Our love life was regular. Had no problems on bed.
I've asked him if he was interested in anyone else other than me for sex and he has said NO.
I've asked if I was the only woman he has had sex with through out his life and he said YES.
A few times I've even asked him to have sex with another woman if he was attracted to someone else (but I said definitely not without condoms. Just to differenciate between wife and mistress.)
I regularly asked him these questions and asked him to promise me. He made false promises on GOD and my children to all of my questions.
Even though I don't want him to take another woman I still gave him this freedom only because I loved him so much and I didn't want him to end up choosing someone else over me but still he fooled me.

I am devasted. I'm unable to accept that he's been lying all the time. His affair has been going on for 5years (2015 - 2019). The videos constantly keeps playing in my mind. I'm shivering, crying and feeling a crushing pain in my heart. I'm having panic attacks during night. Unable to sleep or eat well. It's been a month now. I haven't changed a bit. I'm suffering. I've shut myself up. Feel dead.

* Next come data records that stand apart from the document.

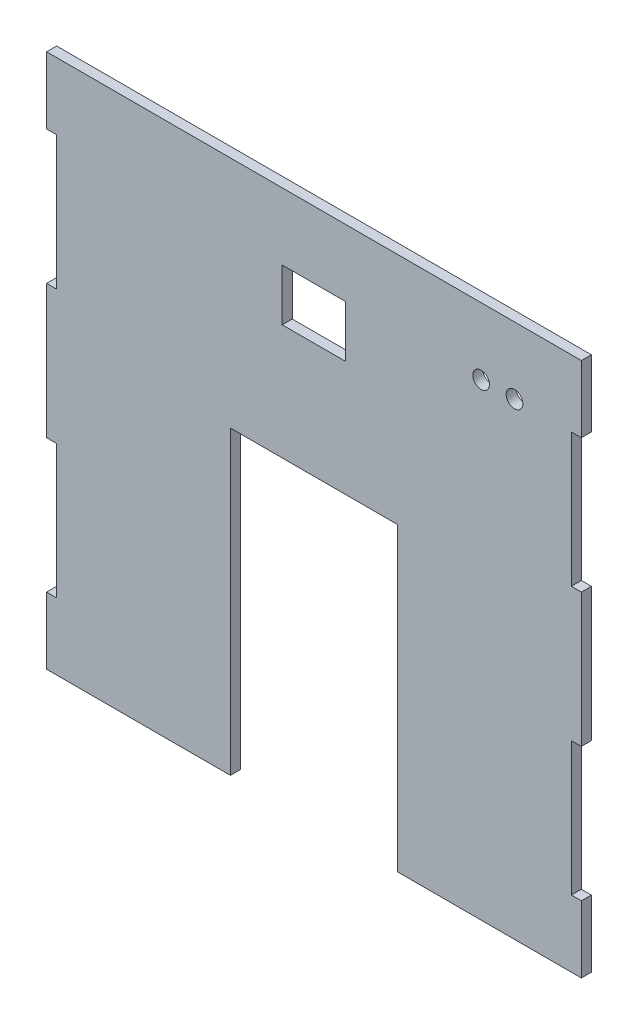
SolidWorks part; units mm, degrees
ref_plane "Front Plane" through (0, 0, 0) normal (0, 0, 1) x (1, 0, 0)
ref_plane "Top Plane" through (0, 0, 0) normal (0, 1, 0) x (1, 0, 0)
ref_plane "Right Plane" through (0, 0, 0) normal (1, 0, 0) x (0, 0, -1)
sketch "Sketch1" plane through (0, 0, 0) normal (0, 0, 1) x (1, 0, 0)
  line L0 (0, 10) -> (0, 80) construction
  line L1 (-80, 80) -> (80, 80)
  line L2 (-80, 80) -> (-80, -80)
  line L3 (-80, -80) -> (80, -80)
  line L4 (80, 80) -> (80, -80)
  line L5 (-80, 80) -> (80, -80) construction
  line L6 (-80, -80) -> (80, 80) construction
  line L7 (-25, -80) -> (25, -80)
  line L8 (-25, -80) -> (-25, 10)
  line L9 (-25, 10) -> (25, 10)
  line L10 (25, -80) -> (25, 10)
  line L11 (80, 60) -> (-80, 60) construction
  line L12 (0, 80) -> (0, 60) construction
  line L13 (-9.5, 60) -> (9.5, 60)
  line L14 (-9.5, 60) -> (-9.5, 44.5)
  line L15 (-9.5, 44.5) -> (9.5, 44.5)
  line L16 (9.5, 60) -> (9.5, 44.5)
  circle A0 centre (50, 60) radius 2.5
  circle A1 centre (60, 60) radius 2.5
  point P0 (0, 0)
  dimension "D6" = 5
  dimension "D1" = 160
  dimension "D2" = 160
  dimension "D3" = 90
  dimension "D4" = 50
  dimension "D5" = 20
  dimension "D7" = 10
  dimension "D8" = 20
  dimension "D9" = 19
  dimension "D10" = 15.5
extrude "Boss-Extrude1" add sketch "Sketch1" along normal blind 3 contours L10 L3 L4 L1 L2 L8 L9 A1 A0 L13 L16 L15 L14 region at (0, 77.7373, 0)
sketch "Sketch2" plane through (0, 0, 3) normal (0, 0, 1) x (1, 0, 0)
  line L0 (-80, -60) -> (-77, -60)
  line L1 (-80, 80) -> (-80, -80) construction
  line L2 (-77, -60) -> (-77, -20)
  line L3 (-77, -20) -> (-80, -20)
  line L4 (-80, -20) -> (-80, 20)
  line L5 (-80, 20) -> (-77, 20)
  line L6 (-77, 20) -> (-77, 60)
  line L7 (-77, 60) -> (-80, 60)
  line L8 (-80, 60) -> (-80, -60)
  line L9 (-77, 20) -> (-77, -20) construction
  line L10 (-77, 0) -> (80, 0) construction
  line L11 (80, 80) -> (80, -80) construction
  line L12 (80, 60) -> (77, 60)
  line L13 (77, 60) -> (77, 20)
  line L14 (77, 20) -> (80, 20)
  line L15 (80, 20) -> (80, -20)
  line L16 (80, -20) -> (77, -20)
  line L17 (77, -20) -> (77, -60)
  line L18 (77, -60) -> (80, -60)
  line L19 (80, -60) -> (80, 60)
  line L20 (77, 20) -> (77, -20) construction
  line L21 (77, 0) -> (-80, 0) construction
  line M21 (80, -80) -> (80, 80)
  line M23 (-80, 80) -> (-80, -80)
  dimension "D1" = 40
  dimension "D2" = 40
  dimension "D3" = 3
  dimension "D4" = 40
  dimension "D5" = 3
  dimension "D6" = 40
extrude "Cut-Extrude1" cut sketch "Sketch2" against normal through all contours L6 L7 L5 M23 | L2 L3 L0 M23 | L17 L18 L16 M21 | L13 L14 L12 M21 | L19 L12 L13 L14 L15 L16 L17 L18 region at (-78.5, -40, 3) region at (-78.5, 40, 3) region at (78.5, 40, 3) region at (78.5, -40, 3)

He says that he has ended the affair last year because of guilt and regret. He feels sorry and is asking for my forgiveness. He says that he feels disgust when he thinks about his past. He calls it past already. He says that he tried to confess several times but didn't confess because he was afraid that I would leave him. I'm unable to believe anything he says because he didn't confess. He still gave me false promises even after I discovered the videos then when I showed him proof then he agreed. He says he was addicted and couldn't stop. He says he enjoyed sexual pleasure from the other woman. He assumed that I won't find, so he wanted to continue for sometime and then stop. He was confident and convinced that he could hide it from me. Actually true. I would not have found out because their contact was never through phone or emails. She was his colleague so they used work phone for chatting and to plan their meeting.

I have so many questions piled up in my head. I've become angry and violent. I don't intend or plan to hurt him or call him names but I always end up slapping him and calling him names whenever I ask him about this. This is not me. I've never been like this. I've never even raised my voice to him. He and I can't believe that I can yell this much. Recently he got frustrated with my behaviour and hit me back a few times.

I'm unable to forgive as he, didn't confess, has made false promises, broken mistress rules and gave my place to her, I can't accept that she was better than me on bed. I'm unable to accept that I'm not as good as her and that has damaged my self confidence so much.
I will forgive him someday for sure but reconciliation remains as a question mark. Should I continue to live with him for the sake of my innocent children or should I walk out this marriage. I don't want my kids to know about their father's betrayal even if I divorce. I need help.


----------



## Andy1001 (Jun 29, 2016)

If he was really feeling guilty about his affair he would have deleted the videos of him and his affair partner. He’s just sorry because he got caught. 
At the moment he is not a good candidate for reconciliation.


----------



## bobert (Nov 22, 2018)

Well, this is a real cluster****.

First off, your husband should never be "everything" to you. He should complement your life but he should not be your life. Having someone be your "everything" is actually very unhealthy, and this situation is why. You TOLD your husband he could **** other women so long as he wore a condom, out of fear that he'd leave you if you didn't allow that. Do you realize how screwed up that is? Your marriage was NOT perfect. First, no marriage ever is and second, if your marriage was so perfect then why was he ****ing another woman for at least 5 years and making homemade pornos with her? That's your idea of perfect?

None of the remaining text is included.